O rio Acre, como faz há milênios, recebeu nesse ano um grande volume de chuvas e transbordou. Não é inédito, mas provoca uma espécie de transe amnésico-histérico: poucos lembram que todo ano é a mesma coisa, o que muda é a intensidade do fenômeno.

"Rio Acre desabriga 20 famílias", "Defesa Civil distribui alimentos e água potável para desabrigados", "nível do rio sobe", "nível do rio desce", "prefeitura distribuirá hipoclorito para famílias atingidas pela enchente", "volta para casa aumenta riscos de infecção por leptospirose, micoses e outras doenças" - são estas, dentre muitas outras, as manchetes dos jornais nessa época do ano.

Mas por que não questionar: essas famílias voltam para os bairros alagadiços só para sofrer, todos os anos, as mesmas dificuldades?

Elas voltam porque são pobres. Todos os programas habitacionais do governo para pessoas em áreas de risco fundam-se em um único pressuposto: transferir as famílias para regiões mais altas. Esquecem que, nos locais de origem, elas têm a mercearia onde compram fiado para pagar no fim do mês (quando sai o dinheiro da aposentadoria, da pensão ou do trabalho braçal). Têm a escola próxima para os filhos estudarem. Têm água potável, encanada ou "enganada" (os bairros alagadiços, por serem muito baixos, alcançam os lençóis freáticos com muita facilidade por meio de poços, construídos geralmente em mutirões).

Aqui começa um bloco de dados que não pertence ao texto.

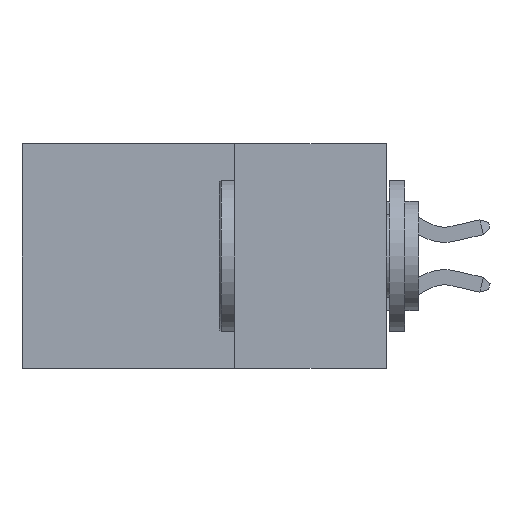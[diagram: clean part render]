
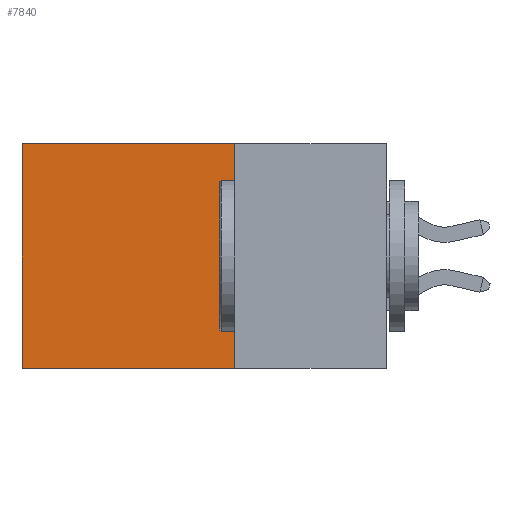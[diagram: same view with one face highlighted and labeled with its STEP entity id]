
A CAD part, left-side view. The second image highlights one B-rep face of the part: STEP entity #7840.
In plain terms, the highlighted planar face has unit normal (-1, 0, 0).
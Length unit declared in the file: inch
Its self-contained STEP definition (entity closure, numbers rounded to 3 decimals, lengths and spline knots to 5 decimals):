
#526 = LINE ( 'NONE', #13608, #9356 ) ;
#1182 = EDGE_LOOP ( 'NONE', ( #22655, #1726, #16323, #20051 ) ) ;
#1522 = DIRECTION ( 'NONE',  ( 0., 0., -1. ) ) ;
#1726 = ORIENTED_EDGE ( 'NONE', *, *, #8954, .F. ) ;
#2540 = EDGE_CURVE ( 'NONE', #6350, #20054, #11474, .T. ) ;
#4406 = DIRECTION ( 'NONE',  ( 0., 1., 0. ) ) ;
#4751 = VECTOR ( 'NONE', #4406, 39.37008 ) ;
#5304 = LINE ( 'NONE', #13195, #4751 ) ;
#5882 = LINE ( 'NONE', #19243, #14729 ) ;
#6240 = VECTOR ( 'NONE', #15081, 39.37008 ) ;
#6350 = VERTEX_POINT ( 'NONE', #13444 ) ;
#7840 = ADVANCED_FACE ( 'NONE', ( #9488 ), #15555, .F. ) ;
#8488 = CARTESIAN_POINT ( 'NONE',  ( 0.2615, 0.25, -0.37 ) ) ;
#8954 = EDGE_CURVE ( 'NONE', #10263, #20054, #5882, .T. ) ;
#9356 = VECTOR ( 'NONE', #21054, 39.37008 ) ;
#9488 = FACE_OUTER_BOUND ( 'NONE', #1182, .T. ) ;
#9925 = EDGE_CURVE ( 'NONE', #19195, #6350, #5304, .T. ) ;
#10263 = VERTEX_POINT ( 'NONE', #15810 ) ;
#11474 = LINE ( 'NONE', #15217, #6240 ) ;
#12062 = DIRECTION ( 'NONE',  ( 1., 0., 0. ) ) ;
#12528 = CARTESIAN_POINT ( 'NONE',  ( 0.2615, 0.6, -0.37 ) ) ;
#13195 = CARTESIAN_POINT ( 'NONE',  ( 0.2615, 0.25, 0. ) ) ;
#13444 = CARTESIAN_POINT ( 'NONE',  ( 0.2615, 0.6, 0. ) ) ;
#13608 = CARTESIAN_POINT ( 'NONE',  ( 0.2615, 0.25, -0.37 ) ) ;
#14729 = VECTOR ( 'NONE', #22707, 39.37008 ) ;
#15081 = DIRECTION ( 'NONE',  ( 0., 0., -1. ) ) ;
#15217 = CARTESIAN_POINT ( 'NONE',  ( 0.2615, 0.6, -0.37 ) ) ;
#15555 = PLANE ( 'NONE',  #21564 ) ;
#15810 = CARTESIAN_POINT ( 'NONE',  ( 0.2615, 0.25, -0.37 ) ) ;
#16323 = ORIENTED_EDGE ( 'NONE', *, *, #20828, .F. ) ;
#17190 = CARTESIAN_POINT ( 'NONE',  ( 0.2615, 0.25, 0. ) ) ;
#19195 = VERTEX_POINT ( 'NONE', #17190 ) ;
#19243 = CARTESIAN_POINT ( 'NONE',  ( 0.2615, 0.25, -0.37 ) ) ;
#20051 = ORIENTED_EDGE ( 'NONE', *, *, #9925, .T. ) ;
#20054 = VERTEX_POINT ( 'NONE', #12528 ) ;
#20828 = EDGE_CURVE ( 'NONE', #19195, #10263, #526, .T. ) ;
#21054 = DIRECTION ( 'NONE',  ( 0., 0., -1. ) ) ;
#21564 = AXIS2_PLACEMENT_3D ( 'NONE', #8488, #12062, #1522 ) ;
#22655 = ORIENTED_EDGE ( 'NONE', *, *, #2540, .T. ) ;
#22707 = DIRECTION ( 'NONE',  ( 0., 1., 0. ) ) ;

As famílias não deixam os bairros alagadiços porque constituíram nesses locais uma rede de auxílio mútuo compatível com a sua baixa renda. As casas construídas pelo governo, até onde sei, sequer levam esses pontos em consideração. Pior que isso: submetem as "vítimas da enchente" (expressão que é outra violência de ordem simbólica):

- à mesma escassez de água potável sofrida pela classe média em outros bairros (e como essas regiões são muito altas, perfurar um poço ou "cacimba" a picaretadas é uma aventura quase sempre impossível, além de perigosa).

- a ausência de sistemas de saúde e de educação que tenham - no mínimo - os mesmos problemas de superlotação e escassez de fichas que existiam nos bairros de origem.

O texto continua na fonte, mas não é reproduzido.